Japan’s wholesale inflation accelerated at its fastest pace in nearly three years in April, strengthening expectations that the central bank could move ahead with an interest rate hike as early as June. Rising energy and commodity prices linked to the ongoing Iran conflict have intensified inflationary pressures across the economy.
The latest data from the Bank of Japan showed the corporate goods price index (CGPI), which tracks prices that companies charge each other for goods and services, climbed 4.9% year-on-year in April. The increase was significantly above market expectations of a 3% rise and marked the strongest annual gain since May 2023.
The sharp acceleration follows growing concerns within financial markets that the central bank has been too slow in responding to inflationary risks. Bond markets reacted strongly, with Japan’s benchmark 10-year government bond yield rising to 2.665%, its highest level in 29 years.
According to Reuters, investors increasingly believe the BOJ may be forced to tighten monetary policy sooner than previously anticipated as inflationary pressures broaden beyond imported energy costs.
A senior policymaker at the BOJ recently argued that interest rates should be raised “at the earliest stage possible” as higher fuel and import prices continue to feed through the economy. Markets are now pricing in roughly a 70% probability of a rate hike during the BOJ’s June 15-16 policy meeting, according to Reuters.
The inflation surge has been driven largely by the sharp rise in import costs following disruptions to oil supplies from the Middle East. The effective closure of the Strait of Hormuz has intensified supply concerns for Japan, which remains heavily dependent on imported crude oil and energy products.
Data showed petroleum and coal product prices rose 5.3% in April from a year earlier, reflecting increased costs for crude oil and jet fuel. Chemical goods prices surged 9.2%, the fastest rise since September 2022, while naphtha prices jumped 79.4%. Prices of aluminum, copper and other nonferrous metal products also climbed sharply, as per Reuters.
The yen-based import price index rose 17.5% in April compared with a year earlier, marking the steepest increase since December 2022. The weaker yen has compounded inflationary pressures by making imported commodities and fuel more expensive for Japanese businesses.
On a monthly basis, wholesale prices increased 2.3% in April after a 1% rise in March, indicating that cost pressures continue to intensify.
Economists believe the BOJ now faces a difficult balancing act between controlling inflation and supporting economic growth. According to Reuters, concerns are also mounting that the Japanese government’s consideration of additional fiscal stimulus to offset rising household fuel costs could complicate the central bank’s efforts to normalize monetary policy.
Former BOJ Governor Haruhiko Kuroda also warned this week that a prolonged Iran conflict could force the central bank to accelerate the pace of future rate hikes. He additionally cautioned against expanding fiscal spending at a time when inflation risks remain elevated.
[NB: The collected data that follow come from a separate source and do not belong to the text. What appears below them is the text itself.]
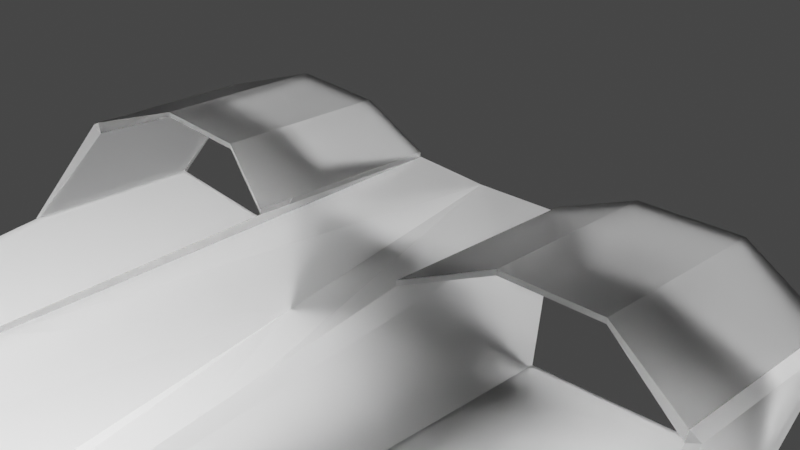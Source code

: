 # Source: Sapceship.blend  (saved by Blender 2.83.19; exported with 4.5.12 LTS)
import bpy
from mathutils import Matrix  # noqa: F401  (used for matrix-valued properties, if any)

bpy.ops.wm.read_factory_settings(use_empty=True)
scene = bpy.context.scene
scene.name = 'Scene'

# ---- collections
col_collection = bpy.data.collections.new('Collection'); scene.collection.children.link(col_collection)

# ---- materials (node trees are filled in below, after node groups)
mat_material_002 = bpy.data.materials.new('Material.002')
mat_material_002.use_transparent_shadow = False
mat_material = bpy.data.materials.new('Material')
mat_material.use_transparent_shadow = False

# ---- material node trees
mat_material_002.use_nodes = True; mat_material_002.node_tree.nodes.clear()
_N = mat_material_002.node_tree.nodes; _L = mat_material_002.node_tree.links
n0 = _N.new('ShaderNodeOutputMaterial'); n0.name = 'Material Output'; n0.location = (979, 299)
n1 = _N.new('ShaderNodeBsdfPrincipled'); n1.name = 'Principled BSDF'; n1.location = (680, 498)
n1.distribution = 'GGX'
n1.subsurface_method = 'BURLEY'
n1.inputs[2].default_value = 1.0
n1.inputs[3].default_value = 1.45
n1.inputs[13].default_value = 0.3318
n1.inputs[16].default_value = 0.01818
n1.inputs[18].default_value = 1.0
n1.inputs[20].default_value = 0.0
n1.inputs[27].default_value = (0.0, 0.0, 0.0, 1.0)
n1.inputs[28].default_value = 1.0
_L.new(n1.outputs[0], n0.inputs[0])
n0.is_active_output = True
mat_material.use_nodes = True; mat_material.node_tree.nodes.clear()
_N = mat_material.node_tree.nodes; _L = mat_material.node_tree.links
n0 = _N.new('ShaderNodeOutputMaterial'); n0.name = 'Material Output'; n0.location = (300, 300)
n1 = _N.new('ShaderNodeBsdfPrincipled'); n1.name = 'Principled BSDF'; n1.location = (10, 300)
n1.distribution = 'GGX'
n1.subsurface_method = 'BURLEY'
n1.inputs[0].default_value = (0.01201, 0.0, 0.8, 1.0)
n1.inputs[1].default_value = 1.0
n1.inputs[2].default_value = 0.0
n1.inputs[3].default_value = 1.45
n1.inputs[19].default_value = 0.25
n1.inputs[27].default_value = (0.0, 0.0, 0.0, 1.0)
n1.inputs[28].default_value = 1.0
_L.new(n1.outputs[0], n0.inputs[0])
n0.is_active_output = True

# ---- world
world_world = bpy.data.worlds.new('World'); scene.world = world_world
world_world.use_nodes = True; world_world.node_tree.nodes.clear()
_N = world_world.node_tree.nodes; _L = world_world.node_tree.links
n0 = _N.new('ShaderNodeOutputWorld'); n0.name = 'World Output'; n0.location = (300, 300)
n1 = _N.new('ShaderNodeBackground'); n1.name = 'Background'; n1.location = (10, 300)
n1.inputs[0].default_value = (0.05088, 0.05088, 0.05088, 1.0)
_L.new(n1.outputs[0], n0.inputs[0])
n0.is_active_output = True
world_world.color = (0.05088, 0.05088, 0.05088)
world_world.use_sun_shadow = False
world_world.sun_shadow_jitter_overblur = 0.0

# ---- cameras
cam_camera = bpy.data.cameras.new('Camera')
cam_camera.clip_end = 100.0
cam_camera.ortho_scale = 7.314

# ---- lights
light_light = bpy.data.lights.new('Light', 'SUN')
light_light.transmission_factor = 0.0
light_light.angle = 0.1993
light_light.energy = 25.0
light_light.shadow_soft_size = 0.1
light_light.shadow_cascade_max_distance = 1000.0

# ---- meshes
me_plane = bpy.data.meshes.new('Plane')
me_plane.from_pydata([(-1.0, 1.281, 0.0), (-1.799, -11.97, -0.9649), (-1.799, 0.02861, -0.9649), (-4.086, -1.951, -0.8372), (-4.086, 0.04866, -0.8372), (-4.086, -1.047, 0.02509), (-4.086, 0.9532, 0.02509), (-3.084, -0.6877, 0.4197), (-3.084, 1.312, 0.4197), (-1.919, -0.6771, 0.3761), (-1.919, 1.323, 0.3761), (-1.009, -0.9838, 0.01709), (-1.0, 1.281, 0.0), (-0.002354, -12.1, -1.817), (-0.7442, -0.107, -1.817), (-0.5969, -8.508, -1.817), (-0.1497, -0.2543, -6.64), (-0.1497, -10.67, -2.318), (-0.7442, -8.523, -1.817), (-0.5969, -0.2543, -1.817), (-1.61, -8.846, -0.7375), (-0.1497, -8.488, -7.14), (-0.002354, -8.482, -7.14), (-0.5969, -8.507, -1.817), (-0.002354, -10.93, -2.318), (-0.1482, -10.68, -2.318), (-1.799, -0.05371, -0.9649), (-1.305, -3.785, -0.3689), (-1.787, 0.02713, -0.9742), (-0.002354, -0.107, -6.64), (-4.111, 0.9532, 0.156), (-4.111, -1.047, 0.156), (-3.084, 1.312, 0.4784), (-3.084, -0.6877, 0.4784), (-1.919, 1.323, 0.4348), (-1.919, -0.6771, 0.4348), (-1.0, 1.281, 0.05869), (-1.009, -0.9838, 0.07577), (-4.202, 0.04866, -0.8372), (-4.202, -1.951, -0.8372), (-4.227, 0.9532, 0.0973), (-4.227, -1.047, 0.0973), (-1.799, -0.05371, -0.9088), (-1.799, -11.97, -0.9088), (-4.086, 0.04866, -0.7811), (-4.086, -1.951, -0.7811), (-1.799, 0.02861, -0.9088), (1.0, 1.281, 0.0), (0.0, 1.218, 0.0), (1.799, -11.97, -0.9649), (1.799, 0.02861, -0.9649), (4.086, -1.951, -0.8372), (4.086, 0.04866, -0.8372), (4.086, -1.047, 0.02509), (4.086, 0.9532, 0.02509), (3.084, -0.6877, 0.4197), (3.084, 1.312, 0.4197), (1.919, -0.6771, 0.3761), (1.919, 1.323, 0.3761), (1.009, -0.9838, 0.01709), (1.0, 1.281, 0.0), (0.002354, -12.1, -1.817), (0.7442, -0.107, -1.817), (0.5969, -8.508, -1.817), (0.1497, -0.2543, -6.64), (0.1497, -10.67, -2.318), (0.7442, -8.523, -1.817), (0.5969, -0.2543, -1.817), (1.61, -8.846, -0.7375), (0.1497, -8.488, -7.14), (0.0, -6.194, -1.342), (0.002354, -8.482, -7.14), (0.5969, -8.507, -1.817), (0.002354, -10.93, -2.318), (0.1482, -10.68, -2.318), (1.799, -0.05371, -0.9649), (1.305, -3.785, -0.3689), (1.787, 0.02713, -0.9742), (0.0, -1.423, -0.478), (0.002354, -0.107, -6.64), (4.111, 0.9532, 0.156), (4.111, -1.047, 0.156), (3.084, 1.312, 0.4784), (3.084, -0.6877, 0.4784), (1.919, 1.323, 0.4348), (1.919, -0.6771, 0.4348), (1.0, 1.281, 0.05869), (1.009, -0.9838, 0.07577), (4.202, 0.04866, -0.8372), (4.202, -1.951, -0.8372), (4.227, 0.9532, 0.0973), (4.227, -1.047, 0.0973), (1.799, -0.05371, -0.9088), (1.799, -11.97, -0.9088), (4.086, 0.04866, -0.7811), (4.086, -1.951, -0.7811), (1.799, 0.02861, -0.9088)], [], [(11, 12, 0, 27, 20), (27, 26, 1, 20), (3, 1, 43, 45), (4, 38, 40, 6), (12, 11, 37, 36), (10, 12, 36, 34), (26, 28, 14, 18, 1), (23, 21, 17, 15), (18, 13, 1), (70, 20, 1, 13), (24, 13, 25), (15, 18, 14, 19, 23), (19, 14, 29, 16), (17, 25, 13, 18, 15), (19, 16, 21, 23), (16, 29, 22, 21), (78, 27, 20, 70), (21, 22, 24, 25, 17), (48, 0, 27, 78), (0, 12, 2, 26, 27), (2, 28, 26), (12, 0, 48, 78, 29, 14, 28, 2), (31, 30, 32, 33), (33, 32, 34, 35), (35, 34, 36, 37), (9, 7, 33, 35), (6, 8, 32, 30), (11, 9, 35, 37), (8, 10, 34, 32), (7, 5, 31, 33), (39, 41, 40, 38), (30, 6, 40, 41, 5, 31), (30, 40, 41, 31), (5, 41, 39, 3), (3, 39, 38, 4), (43, 42, 46, 44, 45), (1, 26, 42, 43), (26, 2, 46, 42), (2, 4, 44, 46), (4, 3, 45, 44), (2, 26, 1, 3, 4), (12, 10, 9, 11), (9, 10, 8, 7), (7, 8, 6, 5), (6, 44, 45, 5), (6, 40, 30), (31, 41, 5), (59, 68, 76, 47, 60), (76, 68, 49, 75), (51, 95, 93, 49), (52, 54, 90, 88), (60, 86, 87, 59), (58, 84, 86, 60), (75, 49, 66, 62, 77), (72, 63, 65, 69), (66, 49, 61), (70, 61, 49, 68), (73, 74, 61), (63, 72, 67, 62, 66), (67, 64, 79, 62), (65, 63, 66, 61, 74), (67, 72, 69, 64), (64, 69, 71, 79), (78, 70, 68, 76), (69, 65, 74, 73, 71), (48, 78, 76, 47), (47, 76, 75, 50, 60), (50, 75, 77), (60, 50, 77, 62, 79, 78, 48, 47), (81, 83, 82, 80), (83, 85, 84, 82), (85, 87, 86, 84), (57, 85, 83, 55), (54, 80, 82, 56), (59, 87, 85, 57), (56, 82, 84, 58), (55, 83, 81, 53), (89, 88, 90, 91), (80, 81, 53, 91, 90, 54), (80, 81, 91, 90), (53, 51, 89, 91), (51, 52, 88, 89), (93, 95, 94, 96, 92), (49, 93, 92, 75), (75, 92, 96, 50), (50, 96, 94, 52), (52, 94, 95, 51), (50, 52, 51, 49, 75), (60, 59, 57, 58), (57, 55, 56, 58), (55, 53, 54, 56), (54, 53, 95, 94), (54, 80, 90), (81, 53, 91)])
me_plane.polygons.foreach_set('material_index', [0, 0, 0, 0, 0, 0, 0, 0, 0, 0, 1, 0, 0, 1, 0, 0, 0, 0, 0, 0, 0, 0, 0, 0, 0, 0, 0, 0, 0, 0, 0, 0, 0, 0, 0, 0, 0, 0, 0, 0, 0, 0, 0, 0, 0, 0, 0, 0, 0, 0, 0, 0, 0, 0, 0, 0, 0, 1, 0, 0, 1, 0, 0, 0, 0, 0, 0, 0, 0, 0, 0, 0, 0, 0, 0, 0, 0, 0, 0, 0, 0, 0, 0, 0, 0, 0, 0, 0, 0, 0, 0, 0, 0, 0])
_uv = me_plane.uv_layers.new(name='UVMap')
_uv.uv.foreach_set('vector', [0.729, 0.1409, 0.7403, 0.0001777, 0.7428, 0.0003972, 0.7428, 0.3175, 0.7428, 0.6344, 0.1402, 0.6696, 0.2637, 0.9249, 0.1392, 0.219, 0.1349, 0.3647, 0.428, 0.1241, 0.5288, 0.9218, 0.5253, 0.931, 0.4616, 0.1219, 0.5371, 0.3927, 0.5452, 0.3958, 0.6047, 0.3234, 0.5923, 0.3191, 0.7135, 0.0001777, 0.6566, 0.2446, 0.6978, 0.2495, 0.7108, 0.07673, 0.7286, 0.2051, 0.7135, 0.0001777, 0.7108, 0.07673, 0.6816, 0.2145, 0.2638, 0.926, 0.2612, 0.9249, 0.266, 0.9295, 0.2639, 0.3088, 0.1392, 0.219, 0.2767, 0.3055, 0.3269, 0.2868, 0.2024, 0.1213, 0.2766, 0.3053, 0.2639, 0.3088, 0.06479, 0.0001777, 0.1392, 0.219, 0.0001777, 0.5365, 0.1349, 0.3647, 0.1392, 0.219, 0.06479, 0.0001777, 0.1927, 0.08407, 0.06479, 0.0001777, 0.2006, 0.1177, 0.2766, 0.3053, 0.2639, 0.3088, 0.266, 0.9295, 0.2824, 0.9289, 0.2767, 0.3055, 0.2824, 0.9289, 0.266, 0.9295, 0.3401, 0.9998, 0.3221, 0.9589, 0.2024, 0.1213, 0.2006, 0.1177, 0.06479, 0.0001777, 0.2639, 0.3088, 0.2766, 0.3053, 0.2824, 0.9289, 0.3221, 0.9589, 0.3269, 0.2868, 0.2767, 0.3055, 0.3221, 0.9589, 0.3401, 0.9998, 0.3401, 0.2822, 0.3269, 0.2868, 0.139, 0.9092, 0.138, 0.6721, 0.1349, 0.3647, 0.0001777, 0.5365, 0.3269, 0.2868, 0.3401, 0.2822, 0.1927, 0.08407, 0.2006, 0.1177, 0.2024, 0.1213, 0.2514, 0.9174, 0.2606, 0.9184, 0.138, 0.6721, 0.139, 0.9092, 0.1836, 0.7614, 0.2617, 0.9206, 0.2621, 0.9247, 0.2637, 0.9249, 0.1402, 0.6696, 0.2621, 0.9247, 0.2612, 0.9249, 0.2638, 0.926, 0.2617, 0.9206, 0.2606, 0.9184, 0.2514, 0.9174, 0.139, 0.9092, 0.3401, 0.9998, 0.266, 0.9295, 0.2612, 0.9249, 0.2621, 0.9247, 0.7286, 0.3998, 0.6805, 0.5533, 0.6628, 0.3771, 0.7082, 0.3688, 0.7082, 0.3688, 0.6628, 0.3771, 0.6816, 0.2145, 0.702, 0.269, 0.702, 0.269, 0.6816, 0.2145, 0.7108, 0.07673, 0.6978, 0.2495, 0.6834, 0.2681, 0.6894, 0.3674, 0.7082, 0.3688, 0.702, 0.269, 0.6916, 0.4827, 0.715, 0.3703, 0.6628, 0.3771, 0.6805, 0.5533, 0.6566, 0.2446, 0.6834, 0.2681, 0.702, 0.269, 0.6978, 0.2495, 0.715, 0.3703, 0.7286, 0.2051, 0.6816, 0.2145, 0.6628, 0.3771, 0.6894, 0.3674, 0.6979, 0.3946, 0.7286, 0.3998, 0.7082, 0.3688, 0.535, 0.4846, 0.6047, 0.4761, 0.6047, 0.3234, 0.5452, 0.3958, 0.5291, 0.001261, 0.6051, 0.4462, 0.6152, 0.4462, 0.6152, 0.3191, 0.6051, 0.3191, 0.6562, 0.0001777, 0.6134, 0.5818, 0.6051, 0.5818, 0.6051, 0.4547, 0.6134, 0.4547, 0.6012, 0.4893, 0.6047, 0.4761, 0.535, 0.4846, 0.5291, 0.4905, 0.5291, 0.4905, 0.535, 0.4846, 0.5452, 0.3958, 0.5371, 0.3927, 0.5253, 0.931, 0.3405, 0.02592, 0.3999, 0.03168, 0.4374, 0.008085, 0.4616, 0.1219, 0.5288, 0.9218, 0.3508, 0.0001777, 0.3405, 0.02592, 0.5253, 0.931, 0.3508, 0.0001777, 0.4423, 0.0102, 0.3999, 0.03168, 0.3405, 0.02592, 0.4423, 0.0102, 0.4278, 0.001171, 0.4374, 0.008085, 0.3999, 0.03168, 0.4278, 0.001171, 0.428, 0.1241, 0.4616, 0.1219, 0.4374, 0.008085, 0.4423, 0.0102, 0.5288, 0.004379, 0.5288, 0.9218, 0.428, 0.1241, 0.4278, 0.001171, 0.7135, 0.0001777, 0.7286, 0.2051, 0.6834, 0.2681, 0.6566, 0.2446, 0.6834, 0.2681, 0.7286, 0.2051, 0.715, 0.3703, 0.6894, 0.3674, 0.6894, 0.3674, 0.715, 0.3703, 0.6916, 0.4827, 0.6979, 0.3946, 0.5291, 0.4909, 0.5804, 0.5484, 0.5804, 0.6754, 0.5291, 0.618, 0.611, 0.59, 0.6051, 0.5818, 0.6134, 0.5818, 0.6134, 0.4547, 0.6051, 0.4547, 0.611, 0.4466, 0.729, 0.1409, 0.7428, 0.6344, 0.7428, 0.3175, 0.7428, 0.0003972, 0.7403, 0.0001777, 0.1402, 0.6696, 0.1349, 0.3647, 0.1392, 0.219, 0.2637, 0.9249, 0.428, 0.1241, 0.4616, 0.1219, 0.5253, 0.931, 0.5288, 0.9218, 0.5371, 0.3927, 0.5923, 0.3191, 0.6047, 0.3234, 0.5452, 0.3958, 0.7135, 0.0001777, 0.7108, 0.07673, 0.6978, 0.2495, 0.6566, 0.2446, 0.7286, 0.2051, 0.6816, 0.2145, 0.7108, 0.07673, 0.7135, 0.0001777, 0.2638, 0.926, 0.1392, 0.219, 0.2639, 0.3088, 0.266, 0.9295, 0.2612, 0.9249, 0.2767, 0.3055, 0.2766, 0.3053, 0.2024, 0.1213, 0.3269, 0.2868, 0.2639, 0.3088, 0.1392, 0.219, 0.06479, 0.0001777, 0.0001777, 0.5365, 0.06479, 0.0001777, 0.1392, 0.219, 0.1349, 0.3647, 0.1927, 0.08407, 0.2006, 0.1177, 0.06479, 0.0001777, 0.2766, 0.3053, 0.2767, 0.3055, 0.2824, 0.9289, 0.266, 0.9295, 0.2639, 0.3088, 0.2824, 0.9289, 0.3221, 0.9589, 0.3401, 0.9998, 0.266, 0.9295, 0.2024, 0.1213, 0.2766, 0.3053, 0.2639, 0.3088, 0.06479, 0.0001777, 0.2006, 0.1177, 0.2824, 0.9289, 0.2767, 0.3055, 0.3269, 0.2868, 0.3221, 0.9589, 0.3221, 0.9589, 0.3269, 0.2868, 0.3401, 0.2822, 0.3401, 0.9998, 0.139, 0.9092, 0.0001777, 0.5365, 0.1349, 0.3647, 0.138, 0.6721, 0.3269, 0.2868, 0.2024, 0.1213, 0.2006, 0.1177, 0.1927, 0.08407, 0.3401, 0.2822, 0.2514, 0.9174, 0.139, 0.9092, 0.138, 0.6721, 0.2606, 0.9184, 0.1836, 0.7614, 0.1402, 0.6696, 0.2637, 0.9249, 0.2621, 0.9247, 0.2617, 0.9206, 0.2621, 0.9247, 0.2638, 0.926, 0.2612, 0.9249, 0.2617, 0.9206, 0.2621, 0.9247, 0.2612, 0.9249, 0.266, 0.9295, 0.3401, 0.9998, 0.139, 0.9092, 0.2514, 0.9174, 0.2606, 0.9184, 0.7286, 0.3998, 0.7082, 0.3688, 0.6628, 0.3771, 0.6805, 0.5533, 0.7082, 0.3688, 0.702, 0.269, 0.6816, 0.2145, 0.6628, 0.3771, 0.702, 0.269, 0.6978, 0.2495, 0.7108, 0.07673, 0.6816, 0.2145, 0.6834, 0.2681, 0.702, 0.269, 0.7082, 0.3688, 0.6894, 0.3674, 0.6916, 0.4827, 0.6805, 0.5533, 0.6628, 0.3771, 0.715, 0.3703, 0.6566, 0.2446, 0.6978, 0.2495, 0.702, 0.269, 0.6834, 0.2681, 0.715, 0.3703, 0.6628, 0.3771, 0.6816, 0.2145, 0.7286, 0.2051, 0.6894, 0.3674, 0.7082, 0.3688, 0.7286, 0.3998, 0.6979, 0.3946, 0.535, 0.4846, 0.5452, 0.3958, 0.6047, 0.3234, 0.6047, 0.4761, 0.5291, 0.001261, 0.6562, 0.0001777, 0.6051, 0.3191, 0.6152, 0.3191, 0.6152, 0.4462, 0.6051, 0.4462, 0.6134, 0.5818, 0.6134, 0.4547, 0.6051, 0.4547, 0.6051, 0.5818, 0.6012, 0.4893, 0.5291, 0.4905, 0.535, 0.4846, 0.6047, 0.4761, 0.5291, 0.4905, 0.5371, 0.3927, 0.5452, 0.3958, 0.535, 0.4846, 0.5253, 0.931, 0.4616, 0.1219, 0.4374, 0.008085, 0.3999, 0.03168, 0.3405, 0.02592, 0.5288, 0.9218, 0.5253, 0.931, 0.3405, 0.02592, 0.3508, 0.0001777, 0.3508, 0.0001777, 0.3405, 0.02592, 0.3999, 0.03168, 0.4423, 0.0102, 0.4423, 0.0102, 0.3999, 0.03168, 0.4374, 0.008085, 0.4278, 0.001171, 0.4278, 0.001171, 0.4374, 0.008085, 0.4616, 0.1219, 0.428, 0.1241, 0.4423, 0.0102, 0.4278, 0.001171, 0.428, 0.1241, 0.5288, 0.9218, 0.5288, 0.004379, 0.7135, 0.0001777, 0.6566, 0.2446, 0.6834, 0.2681, 0.7286, 0.2051, 0.6834, 0.2681, 0.6894, 0.3674, 0.715, 0.3703, 0.7286, 0.2051, 0.6894, 0.3674, 0.6979, 0.3946, 0.6916, 0.4827, 0.715, 0.3703, 0.5291, 0.4909, 0.5291, 0.618, 0.5804, 0.6754, 0.5804, 0.5484, 0.611, 0.59, 0.6134, 0.5818, 0.6051, 0.5818, 0.6134, 0.4547, 0.611, 0.4466, 0.6051, 0.4547])
me_plane.materials.append(mat_material_002)
me_plane.materials.append(mat_material)
me_plane.use_remesh_fix_poles = True
me_plane.use_remesh_preserve_attributes = False
me_plane.use_mirror_vertex_groups = False
me_plane.use_paint_bone_selection = False
me_plane.use_paint_mask = True
me_plane.update()

# ---- objects
ob_light = bpy.data.objects.new('Light', light_light)
ob_camera = bpy.data.objects.new('Camera', cam_camera)
ob_plane = bpy.data.objects.new('Plane', me_plane)

# ---- transforms, parenting, visibility, modifiers, constraints
ob_light.location = (-21.2, -8.672, -33.79)
ob_light.rotation_euler = (-2.95, -0.3447, 2.709)
ob_light.lock_rotations_4d = False
ob_light.empty_display_type = 'ARROWS'
ob_light.color = (0.0, 0.0, 0.0, 0.0)
ob_light.lineart.crease_threshold = 0.0
ob_camera.location = (7.359, -6.926, 4.958)
ob_camera.rotation_euler = (1.109, 0.0, 0.8149)
ob_camera.lock_rotations_4d = False
ob_camera.empty_display_type = 'ARROWS'
ob_camera.color = (0.0, 0.0, 0.0, 0.0)
ob_camera.display_type = 'WIRE'
ob_camera.lineart.crease_threshold = 0.0
ob_plane.location = (0.0, 0.0, 0.0)
ob_plane.lineart.crease_threshold = 0.0
_m = ob_plane.modifiers.new('Triangulate', 'TRIANGULATE')
_m.min_vertices = 5

# ---- collection membership
col_collection.objects.link(ob_light)
col_collection.objects.link(ob_camera)
col_collection.objects.link(ob_plane)

# ---- scene / render settings (as saved in the file)
scene.camera = ob_camera
scene.frame_start = 1; scene.frame_end = 250; scene.frame_set(1)
scene.render.engine = 'BLENDER_EEVEE_NEXT'
scene.cycles.samples = 128
scene.cycles.sampling_pattern = 'TABULATED_SOBOL'
scene.cycles.use_adaptive_sampling = False
scene.cycles.use_light_tree = False
scene.view_settings.view_transform = 'Filmic'
bpy.context.view_layer.update()

Market participants fear that a combination of delayed monetary tightening and expansionary fiscal measures could lead to further weakness in the yen and additional volatility in Japan’s government bond market.
The wholesale inflation figures are expected to play a key role in shaping discussions at the BOJ’s upcoming policy meeting, as policymakers assess whether inflationary pressures are becoming more broad-based and persistent across the Japanese economy.